Those who think they’re smart on this subject, but hate guns, use specific terms to describe what they hate. They understand they might not win the complete argument if they try to take it on all at once. Instead they tend to fragment their arguments to appear as if they’re only bothered by one teeny, tiny aspect of guns. You hear them speak of “assault weapons” and “high capacity magazines.” Sometimes they go a bit overboard in their zeal and find themselves uttering nonsensical criticisms of “ … those insidious clips.” They promote legislation to make it illegal to put more than 7 rounds in a magazine or to carry more than one loaded magazine on your person at any one time. One sometimes wonders if those adversaries of guns are insane, but of course they aren’t. They know perfectly well there’s no functional difference between an “assault weapon” and a hunting rifle. Both make those loud “bang-bang” noises and both send bullets off in a near-linear fashion toward whatever the barrel is pointed at. Most of the difference is truly cosmetic, not functional. But, how can you influence the unknowing with that truth?

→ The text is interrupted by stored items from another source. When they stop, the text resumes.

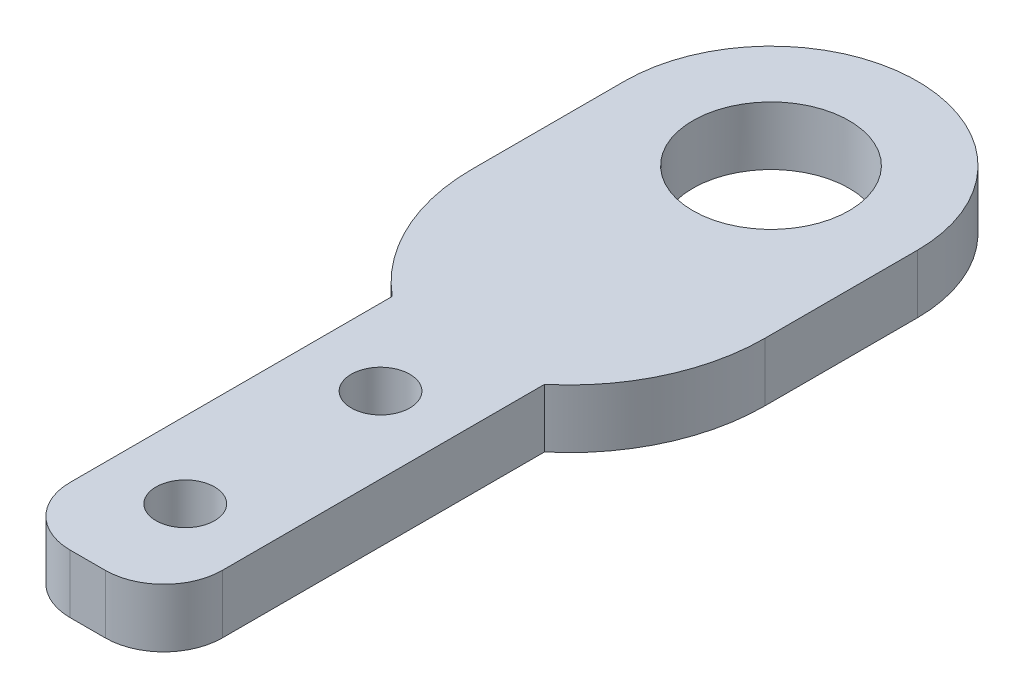
ISO-10303-21;
HEADER;
FILE_DESCRIPTION(('STEP AP214'),'2;1');
FILE_NAME('part.step','',(''),(''),'','','');
FILE_SCHEMA(('AUTOMOTIVE_DESIGN { 1 0 10303 214 1 1 1 1 }'));
ENDSEC;
DATA;
#1=APPLICATION_CONTEXT('core data for automotive mechanical design processes');
#2=APPLICATION_PROTOCOL_DEFINITION('international standard','automotive_design',2000,#1);
#3=PRODUCT_CONTEXT('',#1,'mechanical');
#4=PRODUCT('Part','Part','',(#3));
#5=PRODUCT_RELATED_PRODUCT_CATEGORY('part','',(#4));
#6=PRODUCT_DEFINITION_FORMATION('','',#4);
#7=PRODUCT_DEFINITION_CONTEXT('part definition',#1,'design');
#8=PRODUCT_DEFINITION('design','',#6,#7);
#9=PRODUCT_DEFINITION_SHAPE('','',#8);
#10=(LENGTH_UNIT() NAMED_UNIT(*) SI_UNIT(.MILLI.,.METRE.));
#11=(NAMED_UNIT(*) PLANE_ANGLE_UNIT() SI_UNIT($,.RADIAN.));
#12=(NAMED_UNIT(*) SI_UNIT($,.STERADIAN.) SOLID_ANGLE_UNIT());
#13=UNCERTAINTY_MEASURE_WITH_UNIT(LENGTH_MEASURE(1.E-05),#10,'distance_accuracy_value','');
#14=(GEOMETRIC_REPRESENTATION_CONTEXT(3) GLOBAL_UNCERTAINTY_ASSIGNED_CONTEXT((#13)) GLOBAL_UNIT_ASSIGNED_CONTEXT((#10,
#11,#12)) REPRESENTATION_CONTEXT('',''));
#15=CARTESIAN_POINT('',(0.,0.,0.));
#16=DIRECTION('',(0.,0.,1.));
#17=DIRECTION('',(1.,0.,0.));
#18=AXIS2_PLACEMENT_3D('',#15,#16,#17);
#19=CARTESIAN_POINT('',(0.,3.,-29.));
#20=DIRECTION('',(0.,-1.,0.));
#21=DIRECTION('',(0.,0.,-1.));
#22=AXIS2_PLACEMENT_3D('',#19,#20,#21);
#23=CYLINDRICAL_SURFACE('',#22,7.5);
#24=CARTESIAN_POINT('',(0.,0.,-29.));
#25=DIRECTION('',(0.,1.,0.));
#26=DIRECTION('',(0.,0.,-1.));
#27=AXIS2_PLACEMENT_3D('',#24,#25,#26);
#28=CIRCLE('',#27,7.5);
#29=CARTESIAN_POINT('',(7.5,0.,-29.));
#30=VERTEX_POINT('',#29);
#31=CARTESIAN_POINT('',(-7.5,0.,-29.));
#32=VERTEX_POINT('',#31);
#33=EDGE_CURVE('E197',#30,#32,#28,.T.);
#34=ORIENTED_EDGE('',*,*,#33,.T.);
#35=DIRECTION('',(0.,-1.,0.));
#36=VECTOR('',#35,1.);
#37=CARTESIAN_POINT('',(-7.5,3.,-29.));
#38=LINE('',#37,#36);
#39=CARTESIAN_POINT('',(-7.5,3.,-29.));
#40=VERTEX_POINT('',#39);
#41=EDGE_CURVE('E209',#40,#32,#38,.T.);
#42=ORIENTED_EDGE('',*,*,#41,.F.);
#43=CARTESIAN_POINT('',(0.,3.,-29.));
#44=DIRECTION('',(0.,1.,0.));
#45=DIRECTION('',(0.,0.,-1.));
#46=AXIS2_PLACEMENT_3D('',#43,#44,#45);
#47=CIRCLE('',#46,7.5);
#48=CARTESIAN_POINT('',(7.5,3.,-29.));
#49=VERTEX_POINT('',#48);
#50=EDGE_CURVE('E184',#49,#40,#47,.T.);
#51=ORIENTED_EDGE('',*,*,#50,.F.);
#52=DIRECTION('',(0.,-1.,0.));
#53=VECTOR('',#52,1.);
#54=CARTESIAN_POINT('',(7.5,3.,-29.));
#55=LINE('',#54,#53);
#56=EDGE_CURVE('E196',#49,#30,#55,.T.);
#57=ORIENTED_EDGE('',*,*,#56,.T.);
#58=EDGE_LOOP('',(#34,#42,#51,#57));
#59=FACE_BOUND('',#58,.T.);
#60=ADVANCED_FACE('F39',(#59),#23,.T.);
#61=CARTESIAN_POINT('',(-7.5,3.,29.));
#62=DIRECTION('',(1.,0.,0.));
#63=DIRECTION('',(0.,0.,-1.));
#64=AXIS2_PLACEMENT_3D('',#61,#62,#63);
#65=PLANE('',#64);
#66=DIRECTION('',(0.,0.,1.));
#67=VECTOR('',#66,1.);
#68=CARTESIAN_POINT('',(-7.5,0.,29.));
#69=LINE('',#68,#67);
#70=CARTESIAN_POINT('',(-7.5,0.,-21.1837490849194));
#71=VERTEX_POINT('',#70);
#72=EDGE_CURVE('E201',#32,#71,#69,.T.);
#73=ORIENTED_EDGE('',*,*,#72,.T.);
#74=DIRECTION('',(0.,-1.,0.));
#75=VECTOR('',#74,1.);
#76=CARTESIAN_POINT('',(-7.5,3.,-21.1837490849194));
#77=LINE('',#76,#75);
#78=CARTESIAN_POINT('',(-7.49999999999999,3.,-21.1837490849194));
#79=VERTEX_POINT('',#78);
#80=EDGE_CURVE('E125',#71,#79,#77,.F.);
#81=ORIENTED_EDGE('',*,*,#80,.T.);
#82=DIRECTION('',(0.,0.,1.));
#83=VECTOR('',#82,1.);
#84=CARTESIAN_POINT('',(-7.5,3.,29.));
#85=LINE('',#84,#83);
#86=EDGE_CURVE('E188',#40,#79,#85,.T.);
#87=ORIENTED_EDGE('',*,*,#86,.F.);
#88=ORIENTED_EDGE('',*,*,#41,.T.);
#89=EDGE_LOOP('',(#73,#81,#87,#88));
#90=FACE_BOUND('',#89,.T.);
#91=ADVANCED_FACE('F274',(#90),#65,.F.);
#92=CARTESIAN_POINT('',(7.5,3.,29.));
#93=DIRECTION('',(-1.,0.,0.));
#94=DIRECTION('',(0.,0.,1.));
#95=AXIS2_PLACEMENT_3D('',#92,#93,#94);
#96=PLANE('',#95);
#97=DIRECTION('',(0.,0.,-1.));
#98=VECTOR('',#97,1.);
#99=CARTESIAN_POINT('',(7.5,3.,29.));
#100=LINE('',#99,#98);
#101=CARTESIAN_POINT('',(7.5,3.,-21.1837490849194));
#102=VERTEX_POINT('',#101);
#103=EDGE_CURVE('E193',#102,#49,#100,.T.);
#104=ORIENTED_EDGE('',*,*,#103,.F.);
#105=DIRECTION('',(0.,1.,0.));
#106=VECTOR('',#105,1.);
#107=CARTESIAN_POINT('',(7.5,3.,-21.1837490849194));
#108=LINE('',#107,#106);
#109=CARTESIAN_POINT('',(7.5,0.,-21.1837490849194));
#110=VERTEX_POINT('',#109);
#111=EDGE_CURVE('E129',#102,#110,#108,.F.);
#112=ORIENTED_EDGE('',*,*,#111,.T.);
#113=DIRECTION('',(0.,0.,-1.));
#114=VECTOR('',#113,1.);
#115=CARTESIAN_POINT('',(7.5,0.,29.));
#116=LINE('',#115,#114);
#117=EDGE_CURVE('E189',#110,#30,#116,.T.);
#118=ORIENTED_EDGE('',*,*,#117,.T.);
#119=ORIENTED_EDGE('',*,*,#56,.F.);
#120=EDGE_LOOP('',(#104,#112,#118,#119));
#121=FACE_BOUND('',#120,.T.);
#122=ADVANCED_FACE('F267',(#121),#96,.F.);
#123=CARTESIAN_POINT('',(0.,3.,-29.));
#124=DIRECTION('',(0.,-1.,0.));
#125=DIRECTION('',(0.,0.,-1.));
#126=AXIS2_PLACEMENT_3D('',#123,#124,#125);
#127=PLANE('',#126);
#128=CARTESIAN_POINT('',(0.,3.,1.));
#129=DIRECTION('',(0.,-1.,0.));
#130=DIRECTION('',(0.,0.,-1.));
#131=AXIS2_PLACEMENT_3D('',#128,#129,#130);
#132=CIRCLE('',#131,1.5);
#133=CARTESIAN_POINT('',(0.,3.,-0.499999999999999));
#134=VERTEX_POINT('',#133);
#135=EDGE_CURVE('E164',#134,#134,#132,.T.);
#136=ORIENTED_EDGE('',*,*,#135,.T.);
#137=EDGE_LOOP('',(#136));
#138=FACE_BOUND('',#137,.T.);
#139=CARTESIAN_POINT('',(0.,3.,-9.));
#140=DIRECTION('',(0.,-1.,0.));
#141=DIRECTION('',(0.,0.,-1.));
#142=AXIS2_PLACEMENT_3D('',#139,#140,#141);
#143=CIRCLE('',#142,1.5);
#144=CARTESIAN_POINT('',(0.,3.,-10.5));
#145=VERTEX_POINT('',#144);
#146=EDGE_CURVE('E173',#145,#145,#143,.T.);
#147=ORIENTED_EDGE('',*,*,#146,.T.);
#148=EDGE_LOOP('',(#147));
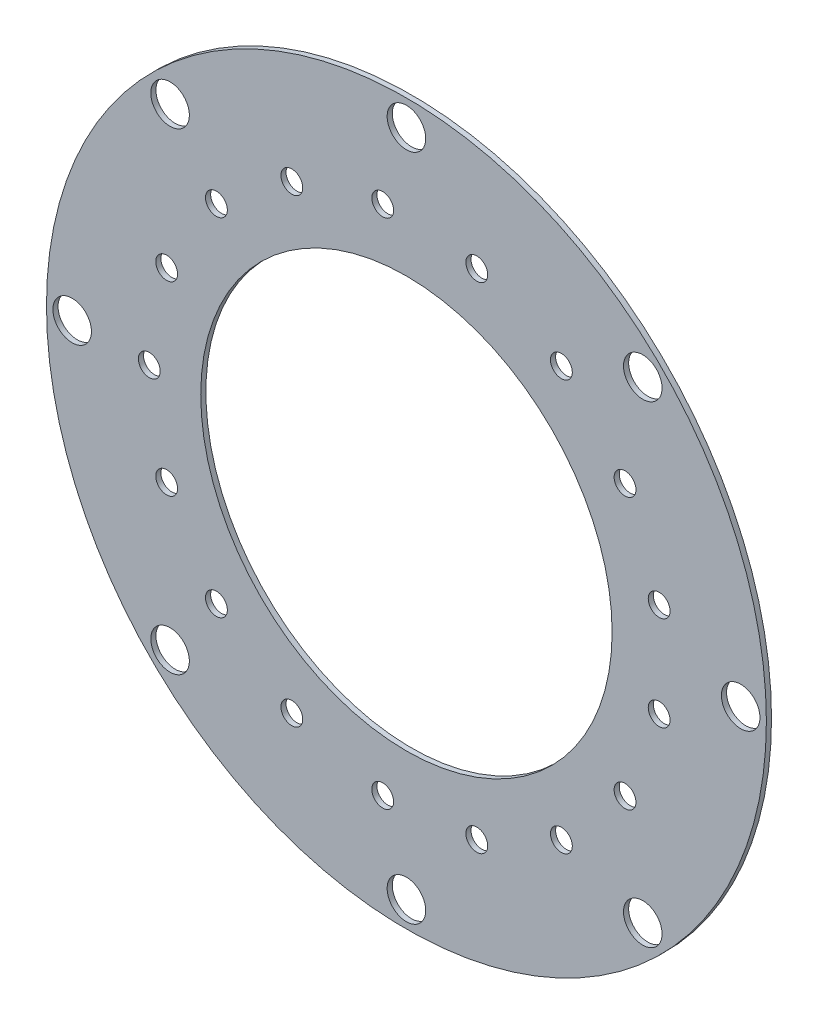
ISO-10303-21;
HEADER;
FILE_DESCRIPTION(('STEP AP214'),'2;1');
FILE_NAME('part.step','',(''),(''),'','','');
FILE_SCHEMA(('AUTOMOTIVE_DESIGN { 1 0 10303 214 1 1 1 1 }'));
ENDSEC;
DATA;
#1=APPLICATION_CONTEXT('core data for automotive mechanical design processes');
#2=APPLICATION_PROTOCOL_DEFINITION('international standard','automotive_design',2000,#1);
#3=PRODUCT_CONTEXT('',#1,'mechanical');
#4=PRODUCT('Part','Part','',(#3));
#5=PRODUCT_RELATED_PRODUCT_CATEGORY('part','',(#4));
#6=PRODUCT_DEFINITION_FORMATION('','',#4);
#7=PRODUCT_DEFINITION_CONTEXT('part definition',#1,'design');
#8=PRODUCT_DEFINITION('design','',#6,#7);
#9=PRODUCT_DEFINITION_SHAPE('','',#8);
#10=(LENGTH_UNIT() NAMED_UNIT(*) SI_UNIT(.MILLI.,.METRE.));
#11=(NAMED_UNIT(*) PLANE_ANGLE_UNIT() SI_UNIT($,.RADIAN.));
#12=(NAMED_UNIT(*) SI_UNIT($,.STERADIAN.) SOLID_ANGLE_UNIT());
#13=UNCERTAINTY_MEASURE_WITH_UNIT(LENGTH_MEASURE(1.E-05),#10,'distance_accuracy_value','');
#14=(GEOMETRIC_REPRESENTATION_CONTEXT(3) GLOBAL_UNCERTAINTY_ASSIGNED_CONTEXT((#13)) GLOBAL_UNIT_ASSIGNED_CONTEXT((#10,
#11,#12)) REPRESENTATION_CONTEXT('',''));
#15=CARTESIAN_POINT('',(0.,0.,0.));
#16=DIRECTION('',(0.,0.,1.));
#17=DIRECTION('',(1.,0.,0.));
#18=AXIS2_PLACEMENT_3D('',#15,#16,#17);
#19=CARTESIAN_POINT('',(0.,0.,-9.5));
#20=DIRECTION('',(0.,0.,1.));
#21=DIRECTION('',(1.,0.,0.));
#22=AXIS2_PLACEMENT_3D('',#19,#20,#21);
#23=PLANE('',#22);
#24=CARTESIAN_POINT('',(-2.26946287024804E-13,65.,-9.5));
#25=DIRECTION('',(0.,0.,-1.));
#26=DIRECTION('',(0.,-1.,0.));
#27=AXIS2_PLACEMENT_3D('',#24,#25,#26);
#28=CIRCLE('',#27,3.75);
#29=CARTESIAN_POINT('',(-2.13853232004142E-13,61.25,-9.5));
#30=VERTEX_POINT('',#29);
#31=EDGE_CURVE('E135',#30,#30,#28,.T.);
#32=ORIENTED_EDGE('',*,*,#31,.F.);
#33=EDGE_LOOP('',(#32));
#34=FACE_BOUND('',#33,.T.);
#35=CARTESIAN_POINT('',(-45.9619407771258,45.9619407771253,-9.5));
#36=DIRECTION('',(0.,0.,-1.));
#37=DIRECTION('',(0.707106781186551,-0.707106781186544,0.));
#38=AXIS2_PLACEMENT_3D('',#35,#36,#37);
#39=CIRCLE('',#38,3.75);
#40=CARTESIAN_POINT('',(-43.3102903476763,43.3102903476758,-9.5));
#41=VERTEX_POINT('',#40);
#42=EDGE_CURVE('E145',#41,#41,#39,.T.);
#43=ORIENTED_EDGE('',*,*,#42,.F.);
#44=EDGE_LOOP('',(#43));
#45=FACE_BOUND('',#44,.T.);
#46=CARTESIAN_POINT('',(-65.,0.,-9.5));
#47=DIRECTION('',(0.,0.,-1.));
#48=DIRECTION('',(1.,0.,0.));
#49=AXIS2_PLACEMENT_3D('',#46,#47,#48);
#50=CIRCLE('',#49,3.75);
#51=CARTESIAN_POINT('',(-61.25,0.,-9.5));
#52=VERTEX_POINT('',#51);
#53=EDGE_CURVE('E140',#52,#52,#50,.T.);
#54=ORIENTED_EDGE('',*,*,#53,.F.);
#55=EDGE_LOOP('',(#54));
#56=FACE_BOUND('',#55,.T.);
#57=CARTESIAN_POINT('',(-45.9619407771252,-45.961940777126,-9.5));
#58=DIRECTION('',(0.,0.,-1.));
#59=DIRECTION('',(0.707106781186541,0.707106781186554,0.));
#60=AXIS2_PLACEMENT_3D('',#57,#58,#59);
#61=CIRCLE('',#60,3.75);
#62=CARTESIAN_POINT('',(-43.3102903476757,-43.3102903476764,-9.5));
#63=VERTEX_POINT('',#62);
#64=EDGE_CURVE('E136',#63,#63,#61,.T.);
#65=ORIENTED_EDGE('',*,*,#64,.F.);
#66=EDGE_LOOP('',(#65));
#67=FACE_BOUND('',#66,.T.);
#68=CARTESIAN_POINT('',(6.80838861074411E-13,-65.,-9.5));
#69=DIRECTION('',(0.,0.,-1.));
#70=DIRECTION('',(0.,1.,0.));
#71=AXIS2_PLACEMENT_3D('',#68,#69,#70);
#72=CIRCLE('',#71,3.75);
#73=CARTESIAN_POINT('',(6.41559696012426E-13,-61.25,-9.5));
#74=VERTEX_POINT('',#73);
#75=EDGE_CURVE('E141',#74,#74,#72,.T.);
#76=ORIENTED_EDGE('',*,*,#75,.F.);
#77=EDGE_LOOP('',(#76));
#78=FACE_BOUND('',#77,.T.);
#79=CARTESIAN_POINT('',(45.9619407771261,-45.961940777125,-9.5));
#80=DIRECTION('',(0.,0.,-1.));
#81=DIRECTION('',(-0.707106781186556,0.707106781186539,0.));
#82=AXIS2_PLACEMENT_3D('',#79,#80,#81);
#83=CIRCLE('',#82,3.75);
#84=CARTESIAN_POINT('',(43.3102903476766,-43.3102903476755,-9.5));
#85=VERTEX_POINT('',#84);
#86=EDGE_CURVE('E152',#85,#85,#83,.T.);
#87=ORIENTED_EDGE('',*,*,#86,.F.);
#88=EDGE_LOOP('',(#87));
#89=FACE_BOUND('',#88,.T.);
#90=CARTESIAN_POINT('',(45.9619407771255,45.9619407771257,-9.5));
#91=DIRECTION('',(0.,0.,-1.));
#92=DIRECTION('',(-0.707106781186546,-0.707106781186549,0.));
#93=AXIS2_PLACEMENT_3D('',#90,#91,#92);
#94=CIRCLE('',#93,3.75);
#95=CARTESIAN_POINT('',(43.310290347676,43.3102903476761,-9.5));
#96=VERTEX_POINT('',#95);
#97=EDGE_CURVE('E131',#96,#96,#94,.T.);
#98=ORIENTED_EDGE('',*,*,#97,.F.);
#99=EDGE_LOOP('',(#98));
#100=FACE_BOUND('',#99,.T.);
#101=CARTESIAN_POINT('',(0.,0.,-9.5));
#102=DIRECTION('',(0.,0.,1.));
#103=DIRECTION('',(1.,0.,0.));
#104=AXIS2_PLACEMENT_3D('',#101,#102,#103);
#105=CIRCLE('',#104,40.);
#106=CARTESIAN_POINT('',(40.,0.,-9.5));
#107=VERTEX_POINT('',#106);
#108=EDGE_CURVE('E69',#107,#107,#105,.T.);
#109=ORIENTED_EDGE('',*,*,#108,.T.);
#110=EDGE_LOOP('',(#109));
#111=FACE_BOUND('',#110,.T.);
#112=CARTESIAN_POINT('',(-46.623611470218,18.062083309357,-9.5));
#113=DIRECTION('',(0.,0.,1.));
#114=DIRECTION('',(0.932472229404361,-0.361241666187141,0.));
#115=AXIS2_PLACEMENT_3D('',#112,#113,#114);
#116=CIRCLE('',#115,2.125);
#117=CARTESIAN_POINT('',(-44.6421079827338,17.2944447687094,-9.5));
#118=VERTEX_POINT('',#117);
#119=EDGE_CURVE('E64',#118,#118,#116,.T.);
#120=ORIENTED_EDGE('',*,*,#119,.T.);
#121=EDGE_LOOP('',(#120));
#122=FACE_BOUND('',#121,.T.);
#123=CARTESIAN_POINT('',(-36.9504458610334,33.6847821823274,-9.5));
#124=DIRECTION('',(0.,0.,1.));
#125=DIRECTION('',(0.739008917220668,-0.673695643646548,0.));
#126=AXIS2_PLACEMENT_3D('',#123,#124,#125);
#127=CIRCLE('',#126,2.125);
#128=CARTESIAN_POINT('',(-35.3800519119395,32.2531789395785,-9.5));
#129=VERTEX_POINT('',#128);
#130=EDGE_CURVE('E68',#129,#129,#127,.T.);
#131=ORIENTED_EDGE('',*,*,#130,.T.);
#132=EDGE_LOOP('',(#131));
#133=FACE_BOUND('',#132,.T.);
#134=CARTESIAN_POINT('',(-22.2869177888274,44.7581645677529,-9.5));
#135=DIRECTION('',(0.,0.,1.));
#136=DIRECTION('',(0.445738355776549,-0.895163291355057,0.));
#137=AXIS2_PLACEMENT_3D('',#134,#135,#136);
#138=CIRCLE('',#137,2.125);
#139=CARTESIAN_POINT('',(-21.3397237828023,42.8559425736234,-9.5));
#140=VERTEX_POINT('',#139);
#141=EDGE_CURVE('E73',#140,#140,#138,.T.);
#142=ORIENTED_EDGE('',*,*,#141,.T.);
#143=EDGE_LOOP('',(#142));
#144=FACE_BOUND('',#143,.T.);
#145=CARTESIAN_POINT('',(-4.61341797316565,49.7867088147517,-9.5));
#146=DIRECTION('',(0.,0.,1.));
#147=DIRECTION('',(0.092268359463313,-0.995734176295033,0.));
#148=AXIS2_PLACEMENT_3D('',#145,#146,#147);
#149=CIRCLE('',#148,2.125);
#150=CARTESIAN_POINT('',(-4.41734770930611,47.6707736901247,-9.5));
#151=VERTEX_POINT('',#150);
#152=EDGE_CURVE('E77',#151,#151,#149,.T.);
#153=ORIENTED_EDGE('',*,*,#152,.T.);
#154=EDGE_LOOP('',(#153));
#155=FACE_BOUND('',#154,.T.);
#156=CARTESIAN_POINT('',(13.6831495036036,48.0912821586411,-9.5));
#157=DIRECTION('',(0.,0.,1.));
#158=DIRECTION('',(-0.273662990072073,-0.961825643172822,0.));
#159=AXIS2_PLACEMENT_3D('',#156,#157,#158);
#160=CIRCLE('',#159,2.125);
#161=CARTESIAN_POINT('',(13.1016156497005,46.0474026668988,-9.5));
#162=VERTEX_POINT('',#161);
#163=EDGE_CURVE('E81',#162,#162,#160,.T.);
#164=ORIENTED_EDGE('',*,*,#163,.T.);
#165=EDGE_LOOP('',(#164));
#166=FACE_BOUND('',#165,.T.);
#167=CARTESIAN_POINT('',(30.1317318189625,39.9008613640122,-9.5));
#168=DIRECTION('',(0.,0.,1.));
#169=DIRECTION('',(-0.602634636379249,-0.798017227280245,0.));
#170=AXIS2_PLACEMENT_3D('',#167,#168,#169);
#171=CIRCLE('',#170,2.125);
#172=CARTESIAN_POINT('',(28.8511332166566,38.2050747560417,-9.5));
#173=VERTEX_POINT('',#172);
#174=EDGE_CURVE('E85',#173,#173,#171,.T.);
#175=ORIENTED_EDGE('',*,*,#174,.T.);
#176=EDGE_LOOP('',(#175));
#177=FACE_BOUND('',#176,.T.);
#178=CARTESIAN_POINT('',(42.5108567864805,26.3216081438681,-9.5));
#179=DIRECTION('',(0.,0.,1.));
#180=DIRECTION('',(-0.85021713572961,-0.526432162877363,0.));
#181=AXIS2_PLACEMENT_3D('',#178,#179,#180);
#182=CIRCLE('',#181,2.125);
#183=CARTESIAN_POINT('',(40.7041453730551,25.2029397977537,-9.5));
#184=VERTEX_POINT('',#183);
#185=EDGE_CURVE('E89',#184,#184,#182,.T.);
#186=ORIENTED_EDGE('',*,*,#185,.T.);
#187=EDGE_LOOP('',(#186));
#188=FACE_BOUND('',#187,.T.);
#189=CARTESIAN_POINT('',(49.148654984195,9.18747589082888,-9.5));
#190=DIRECTION('',(0.,0.,1.));
#191=DIRECTION('',(-0.9829730996839,-0.183749517816578,0.));
#192=AXIS2_PLACEMENT_3D('',#189,#190,#191);
#193=CIRCLE('',#192,2.125);
#194=CARTESIAN_POINT('',(47.0598371473667,8.79700816546865,-9.5));
#195=VERTEX_POINT('',#194);
#196=EDGE_CURVE('E93',#195,#195,#193,.T.);
#197=ORIENTED_EDGE('',*,*,#196,.T.);
#198=EDGE_LOOP('',(#197));
#199=FACE_BOUND('',#198,.T.);
#200=CARTESIAN_POINT('',(49.1486549841952,-9.18747589082819,-9.5));
#201=DIRECTION('',(0.,0.,1.));
#202=DIRECTION('',(-0.982973099683903,0.183749517816564,0.));
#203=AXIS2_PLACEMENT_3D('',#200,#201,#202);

All the arguments the anti-gun people use are pretty dumb, when you get down to it. All but one. People do die after being shot. But, people also die after being stabbed, clubbed, and struck in the head with hard objects. People die from drug overdoses, car accidents, tobacco and chemically-induced cancers, and a host of other things, too. Why is it the anti-gun crowd is so intent on eliminating guns from our society? Why, indeed?
The Second Amendment was written in part to ensure all citizens maintain both the Natural Right of and material capacity for adequate self-defense. It’s true the language of the Second Amendment mentions a well-regulated militia, but that was then and this is now. While we don’t necessarily need a well-regulated militia, the principle of maintaining your Natural Right of and capacity for self-defense hasn’t changed, nor has the best method to exercise that right. Since the writing of the Constitution there has been no superior method of self-defense developed that can supplant a firearm. As of this moment, a good gun in the hands of a trained shooter is still the best and cheapest form of self-defense there is.
There is an argument made that with the general omnipresence of law enforcement there’s no need for a private citizen to fret about self-protection – just pick up your cell phone and press ‘911.’ But as with many arguments of this kind, there’s a critical flaw. If you’re home alone and someone is intent on harming you, how much time do you think you have to wait for the police? Seconds? Possibly as much as a minute? How fast do the police respond in your area? Twenty minutes (my own case)? Ten minutes? Five? Regardless of how fast they try to respond the police would have to be in your front yard right behind any invader to be of any use to you. In the vast majority of incidents of home invasion or other personal attack on private property the intended victim has seconds to take any assertive action. The time to get the phone and press ‘911’ is after that assertive action, not before. Delays in acting sometimes prove fatal. So, yes, there is still a valid need for a good self-defense weapon. Every home should have guns. Understand this point – police rarely can prevent crimes; they mostly respond to them.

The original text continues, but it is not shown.